Proposta e petizione sono atti di natura partecipativa ovvero meccanismi di democrazia diretta che consentono ai cittadini di interloquire con le istituzioni al fine di rappresentare, in un’ottica compositiva, problematiche
particolarmente sensibili per la collettività.
Allorchè queste tipologie di atti vengano regolamentate da una specifica fonte normativa, quale lo statuto comunale, con la previsione di un particolare procedimento per la loro istruzione e la loro trattazione, esse devono necessariamente essere istruite e trattate dall’organo, cui sono diretti secondo l’iter previsto, non potendo essere considerati tamquam non essent.

L’oggetto delle petizioni e proposte nonché l’ambito dell’obbligo di provvedere sulle stesse vanno coordinati con i principi generali del procedimento amministrativo cristallizzati nella legge n. 241 del 1990 e, perciò solo, non derogabili da fonte subordinata.
Salvo eccezioni espressamente previste dalla legge, l’autotutela non è mai doverosa; per cui, anche a fronte di una richiesta di riesame formulata mediante una proposta o petizione avanzata nelle forme regolamentate dallo statuto comunale, non sussiste alcun obbligo di provvedere in capo al Comune, né può formarsi alcun silenzio inadempimento.
La revoca, infatti, si configura, in ragione della sua ampia discrezionalità, alla stregua di un tipico strumento di autotutela decisoria preordinato alla rimozione, con efficacia ex nunc, di un provvedimento all’esito di una nuova valutazione dell’interesse pubblico alla sua conservazione.
La richiesta, avanzata dai privati nei confronti dell’amministrazione al fine di ottenerne un intervento in autotutela, si atteggia a mera denuncia, con funzione sollecitatoria.

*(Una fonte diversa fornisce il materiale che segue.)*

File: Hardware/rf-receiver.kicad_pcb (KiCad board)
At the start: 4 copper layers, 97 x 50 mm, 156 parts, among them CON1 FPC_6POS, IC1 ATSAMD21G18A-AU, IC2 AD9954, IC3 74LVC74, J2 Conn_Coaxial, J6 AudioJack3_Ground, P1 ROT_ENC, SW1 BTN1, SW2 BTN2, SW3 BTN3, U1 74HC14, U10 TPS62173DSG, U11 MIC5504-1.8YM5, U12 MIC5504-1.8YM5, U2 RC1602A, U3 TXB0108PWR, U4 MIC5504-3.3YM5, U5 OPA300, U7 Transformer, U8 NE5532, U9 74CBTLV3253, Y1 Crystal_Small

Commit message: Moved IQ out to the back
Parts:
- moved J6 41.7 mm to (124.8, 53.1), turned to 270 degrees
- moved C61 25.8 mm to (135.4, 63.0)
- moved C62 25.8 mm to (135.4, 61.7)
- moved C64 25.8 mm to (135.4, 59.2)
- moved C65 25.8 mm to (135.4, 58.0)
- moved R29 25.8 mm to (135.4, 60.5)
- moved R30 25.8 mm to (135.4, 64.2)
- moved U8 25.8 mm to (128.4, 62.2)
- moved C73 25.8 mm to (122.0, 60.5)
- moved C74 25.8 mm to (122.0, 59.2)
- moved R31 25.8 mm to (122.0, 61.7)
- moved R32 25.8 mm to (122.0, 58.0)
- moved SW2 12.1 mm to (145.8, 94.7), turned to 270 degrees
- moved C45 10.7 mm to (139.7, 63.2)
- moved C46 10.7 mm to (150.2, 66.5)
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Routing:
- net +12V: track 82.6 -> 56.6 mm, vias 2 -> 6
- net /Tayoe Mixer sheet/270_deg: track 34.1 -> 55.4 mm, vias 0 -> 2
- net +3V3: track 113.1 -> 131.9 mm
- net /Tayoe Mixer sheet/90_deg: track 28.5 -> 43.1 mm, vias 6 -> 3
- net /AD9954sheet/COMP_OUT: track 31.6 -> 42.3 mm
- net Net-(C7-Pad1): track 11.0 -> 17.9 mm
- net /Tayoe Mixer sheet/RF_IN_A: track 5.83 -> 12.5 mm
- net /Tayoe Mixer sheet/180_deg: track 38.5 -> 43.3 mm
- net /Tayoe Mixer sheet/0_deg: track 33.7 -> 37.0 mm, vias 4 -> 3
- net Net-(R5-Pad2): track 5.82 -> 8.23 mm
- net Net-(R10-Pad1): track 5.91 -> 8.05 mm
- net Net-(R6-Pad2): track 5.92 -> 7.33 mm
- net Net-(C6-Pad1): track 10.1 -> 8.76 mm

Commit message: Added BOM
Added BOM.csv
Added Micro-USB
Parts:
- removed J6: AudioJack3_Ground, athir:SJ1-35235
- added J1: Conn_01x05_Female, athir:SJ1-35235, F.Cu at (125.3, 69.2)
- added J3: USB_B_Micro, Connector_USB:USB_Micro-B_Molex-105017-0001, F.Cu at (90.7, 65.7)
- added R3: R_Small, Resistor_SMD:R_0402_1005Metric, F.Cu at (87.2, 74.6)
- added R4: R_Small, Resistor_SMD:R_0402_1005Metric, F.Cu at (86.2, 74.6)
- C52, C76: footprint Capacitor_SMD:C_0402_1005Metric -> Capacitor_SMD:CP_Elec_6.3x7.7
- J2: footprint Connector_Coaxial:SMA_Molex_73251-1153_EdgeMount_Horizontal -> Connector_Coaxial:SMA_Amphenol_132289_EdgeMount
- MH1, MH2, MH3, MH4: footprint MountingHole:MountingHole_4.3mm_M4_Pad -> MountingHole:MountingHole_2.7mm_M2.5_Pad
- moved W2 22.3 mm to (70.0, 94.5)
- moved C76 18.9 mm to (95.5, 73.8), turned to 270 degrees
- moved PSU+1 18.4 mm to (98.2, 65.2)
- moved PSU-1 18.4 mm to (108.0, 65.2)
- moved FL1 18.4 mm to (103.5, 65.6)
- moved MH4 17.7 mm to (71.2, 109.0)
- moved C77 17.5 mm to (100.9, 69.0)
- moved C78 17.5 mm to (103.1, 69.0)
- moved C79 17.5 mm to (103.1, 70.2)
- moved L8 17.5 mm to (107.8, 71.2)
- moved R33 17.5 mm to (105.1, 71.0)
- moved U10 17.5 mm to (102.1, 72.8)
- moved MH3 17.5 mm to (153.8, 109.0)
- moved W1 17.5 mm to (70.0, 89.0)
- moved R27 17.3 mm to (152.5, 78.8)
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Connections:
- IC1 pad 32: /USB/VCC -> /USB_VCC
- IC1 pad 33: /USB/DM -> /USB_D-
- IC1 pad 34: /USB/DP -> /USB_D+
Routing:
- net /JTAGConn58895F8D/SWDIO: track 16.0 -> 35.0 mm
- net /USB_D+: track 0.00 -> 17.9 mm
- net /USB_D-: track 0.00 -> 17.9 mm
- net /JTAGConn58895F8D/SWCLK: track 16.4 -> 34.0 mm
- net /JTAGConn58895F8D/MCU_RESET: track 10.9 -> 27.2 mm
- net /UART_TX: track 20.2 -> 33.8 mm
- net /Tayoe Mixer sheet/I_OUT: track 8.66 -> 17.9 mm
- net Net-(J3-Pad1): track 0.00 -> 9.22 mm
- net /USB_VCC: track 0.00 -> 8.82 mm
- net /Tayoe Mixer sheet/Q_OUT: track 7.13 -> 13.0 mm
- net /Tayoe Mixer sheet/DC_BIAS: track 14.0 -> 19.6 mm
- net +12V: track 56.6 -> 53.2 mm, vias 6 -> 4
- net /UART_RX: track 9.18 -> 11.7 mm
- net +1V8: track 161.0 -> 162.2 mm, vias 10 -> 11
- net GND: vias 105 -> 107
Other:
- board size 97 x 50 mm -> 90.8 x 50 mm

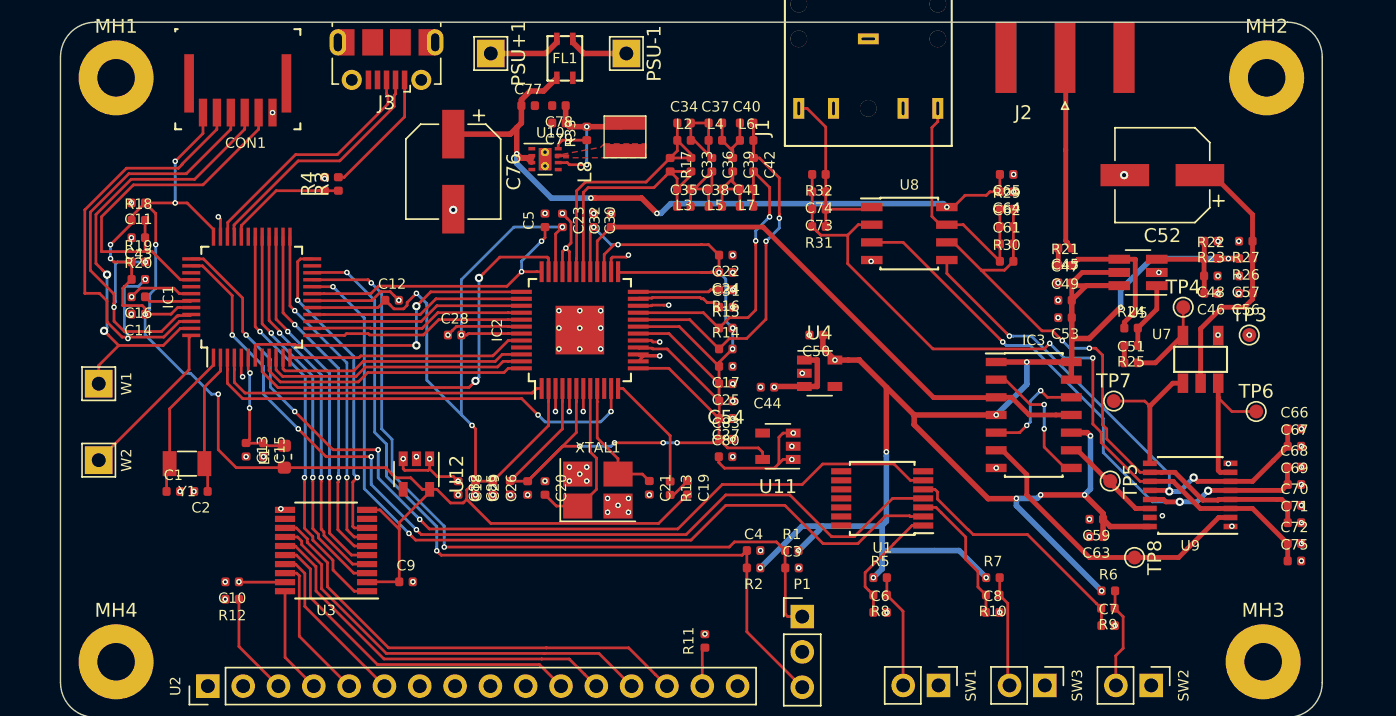
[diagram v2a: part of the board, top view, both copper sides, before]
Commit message: HW PCB changes
Added IBOM
Added extra spacing between 0402 components.
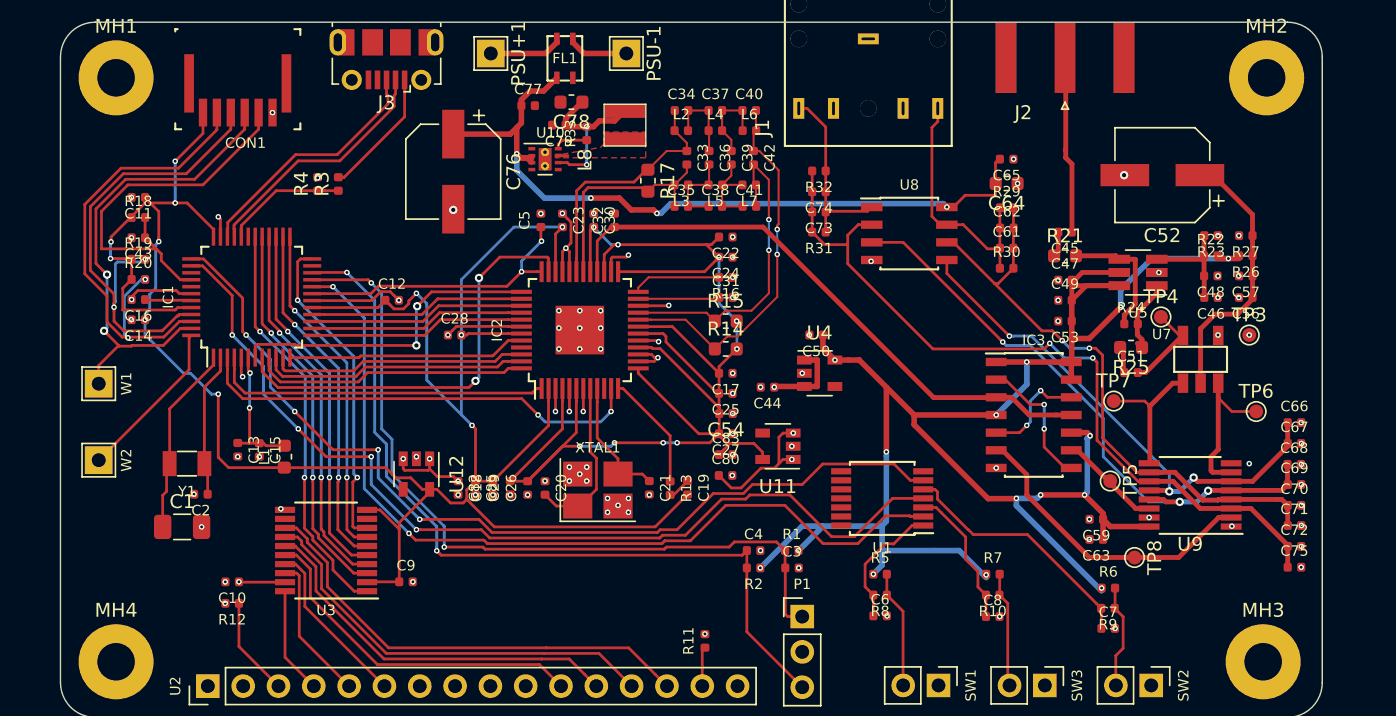
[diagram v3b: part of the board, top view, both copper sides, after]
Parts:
- C1: footprint Capacitor_SMD:C_0402_1005Metric -> Resistor_SMD:R_1206_3216Metric
- C64, C78: footprint Capacitor_SMD:C_0402_1005Metric -> Capacitor_SMD:C_0603_1608Metric
- C79: value 22uF -> 100nF
- R14, R15, R17, R21, R25: footprint Resistor_SMD:R_0402_1005Metric -> Resistor_SMD:R_0603_1608Metric
- R26, R27: value 2.2k ohm -> 2k ohm
- U9: footprint Package_SO:SSOP-16_4.4x5.2mm_P0.65mm -> Package_SO:TSSOP-16_4.4x5mm_P0.65mm
- moved C1 2.63 mm to (76.0, 99.3)
- moved R17 1.97 mm to (109.5, 74.4)
- moved TP4 1.75 mm to (146.4, 84.2)
- moved C80 1.35 mm to (115.1, 95.6)
- moved C22 1.30 mm to (115.1, 78.5)
- moved C45 1.15 mm to (139.5, 78.1)
- moved C65 1.10 mm to (135.3, 72.8)
- moved C24 1.10 mm to (115.1, 79.9)
- moved C27 1.10 mm to (115.1, 92.6)
- moved C83 1.10 mm to (115.1, 94.1)
- moved C78 0.93 mm to (104.0, 68.8)
- moved C40 0.92 mm to (116.8, 69.3)
- moved C34 0.92 mm to (111.9, 69.3)
- moved C37 0.90 mm to (114.3, 69.3)
- moved C54 0.90 mm to (115.1, 91.2)
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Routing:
- net VAA: track 103.5 -> 107.5 mm
- net Net-(C1-Pad1): track 11.0 -> 13.4 mm
- net Net-(C33-Pad2): track 18.5 -> 16.1 mm
- net +1V8: track 162.2 -> 163.8 mm
- net +5V: track 35.0 -> 36.4 mm
- net +12V: track 53.2 -> 54.6 mm
- net Net-(C34-Pad2): track 7.18 -> 5.85 mm
- net Net-(C33-Pad1): track 19.4 -> 18.1 mm
- net Net-(C35-Pad2): track 7.21 -> 5.99 mm
- net /Tayoe Mixer sheet/RF_IN_A: track 12.5 -> 11.3 mm
- net /JTAGConn58895F8D/SWDIO: track 35.0 -> 34.1 mm
- net /Tayoe Mixer sheet/270_deg: track 55.4 -> 56.2 mm
- net /Tayoe Mixer sheet/RF_B: track 10.4 -> 11.1 mm
- net Net-(R24-Pad2): track 4.87 -> 5.59 mm
- net Net-(R21-Pad2): track 10.0 -> 9.33 mm
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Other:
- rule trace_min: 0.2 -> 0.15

Materia: pubblica amministrazione / attività
Pubblicato il 22/03/2023

N. 02911/2023REG.PROV.COLL.

N. 07474/2022 REG.RIC.

REPUBBLICA ITALIANA

IN NOME DEL POPOLO ITALIANO

Il Consiglio di Stato

in sede giurisdizionale (Sezione Quinta)

ha pronunciato la presente

SENTENZA

sul ricorso numero di registro generale 7474 del 2022, proposto da
Pierino Pezzi, Andrea De Nevi e Andrea Pezzi, rappresentati e difesi dall'avvocato Daniele Granara, con domicilio digitale come da PEC da Registri di Giustizia;

contro

Comune di Varese Ligure, in persona del legale rappresentante pro tempore, rappresentato e difeso dall'avvocato Gianemilio Genovesi, con domicilio digitale come da PEC da Registri di Giustizia;

per la riforma

della sentenza del Tribunale amministrativo regionale per la Liguria n. 408 del 2022, resa tra le parti.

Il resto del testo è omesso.